ACTIVITY: After reading the data below, copy out every line that contains the word "Switch".
::::::::
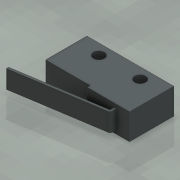
# Autodesk Inventor part: Limit Switch
Saved by Autodesk Inventor 2015 (Build 190159000, 159)
## iProperties
Created: 2015-06-04
Part Number: Limit Switch
Material: Generic
Document SubType Name: Modeling
Designer: pltwe4
Density: 1 g/cm^3
Appearance: Default
Author: pltwe4
Autodesk Inventor part; units mm, degrees
ref_plane "YZ Plane" through (0, 0, 0) normal (1, 0, 0) x (0, 1, 0)
ref_plane "XZ Plane" through (0, 0, 0) normal (0, 1, 0) x (-1, 0, 0)
ref_plane "XY Plane" through (0, 0, 0) normal (0, 0, 1) x (1, 0, 0)
sketch "Sketch1" plane through (0, 0, 0) normal (0, 0, 1) x (1, 0, 0)
  line L0 (10, 4.75) -> (-10, 4.75)
  line L1 (-10, 4.75) -> (-10, -4.75)
  line L2 (-10, -4.75) -> (10, -4.75)
  line L3 (10, -4.75) -> (10, 4.75)
  line L4 (0.25, -4.75) -> (0.25, -5.45)
  line L5 (0.25, -5.45) -> (10, -5.45)
  line L6 (10, -5.45) -> (10, -4.75)
  line L7 (-10, -4.75) -> (10, 4.75) construction
  line L8 (10, -4.75) -> (-10, 4.75) construction
  circle A0 centre (-4.75, 2.25) radius 1.27
  circle A1 centre (4.75, 2.25) radius 1.27
  line L9 (0, 0) -> (0, 4.75) construction
  dimension "d0" = 20
  dimension "d2" = 10.2
  dimension "d3" = 9.5
  dimension "d4" = 9.75
  dimension "d5" = 9.5
  dimension "d6" = 2.54
  dimension "d7" = 2.5
  constraints: 20 end point, 3 midpoint, 3 perpendicular, 2 centre point, 2 parallel, 1 horizontal, 1 point on line, 1 vertical, 1 other
  measures "d0" distance of L0.start L0.end
  measures "d2" distance between parallel lines of L0 L5
  measures "d3" distance between parallel lines of L0 L2
  measures "d4" distance of L4.end L5.end
  measures "d5" distance of A1.centre A0.centre
  measures "d6" diameter of A0
  measures "d7" distance from line of A0.centre L0
extrude "Extrusion1" add sketch "Sketch1" along normal mid plane 6
sketch "Sketch2" plane through (0.25, -5.45, -3) normal (0, -1, 0) x (1, 0, 0)
  line L0 (6.75, 0.9) -> (6.25, 0.9)
  line L1 (6.25, 0.9) -> (6.25, 5.1)
  line L2 (6.25, 5.1) -> (6.75, 5.1)
  line L3 (6.75, 5.1) -> (6.75, 0.9)
  line L4 (-14.25, 3) -> (13.75, 3) projected
  line L5 (9.75, 0) -> (9.75, 6) projected
  point P0 (-0.25, 3)
  dimension "d10" = 4.2
  dimension "d11" = 0.5
  dimension "d12" = 3
  constraints: 8 end point, 2 parallel, 1 horizontal, 1 perpendicular, 1 other
  measures "d10" distance of L2.end L0.start
  measures "d11" distance of L0.start L0.end
  measures "d12" distance between parallel lines of L5 L3
extrude "Extrusion2" add sketch "Sketch2" along normal blind 1
sketch "Sketch3" plane through (6.5, -5.45, 2.1) normal (0, 0, 1) x (1, 0, 0)
  line L0 (0, -1) -> (-20.256, -4.1472)
  line L1 (-20.256, -4.1472) -> (-20.1793, -4.6413)
  line L2 (-20.1793, -4.6413) -> (0.0768, -1.4941)
  arc A0 (0.0768, -1.4941) -> (0.5, -1) centre (0, -1) ccw
  line L3 (0.5, -1) -> (0, -1) projected
  point P0 (-6.5, 5.45)
  dimension "d15" = 0.5
  constraints: 6 end point, 2 perpendicular, 2 point on circle, 1 centre point, 1 coincident, 1 point on line, 1 tangent
  measures "d15" distance between parallel lines of L0 L2
extrude "Extrusion3" add sketch "Sketch3" against normal blind 4.2
body "Solid1"
::::::::
TASK SOLUTION:
# Autodesk Inventor part: Limit Switch
Part Number: Limit Switch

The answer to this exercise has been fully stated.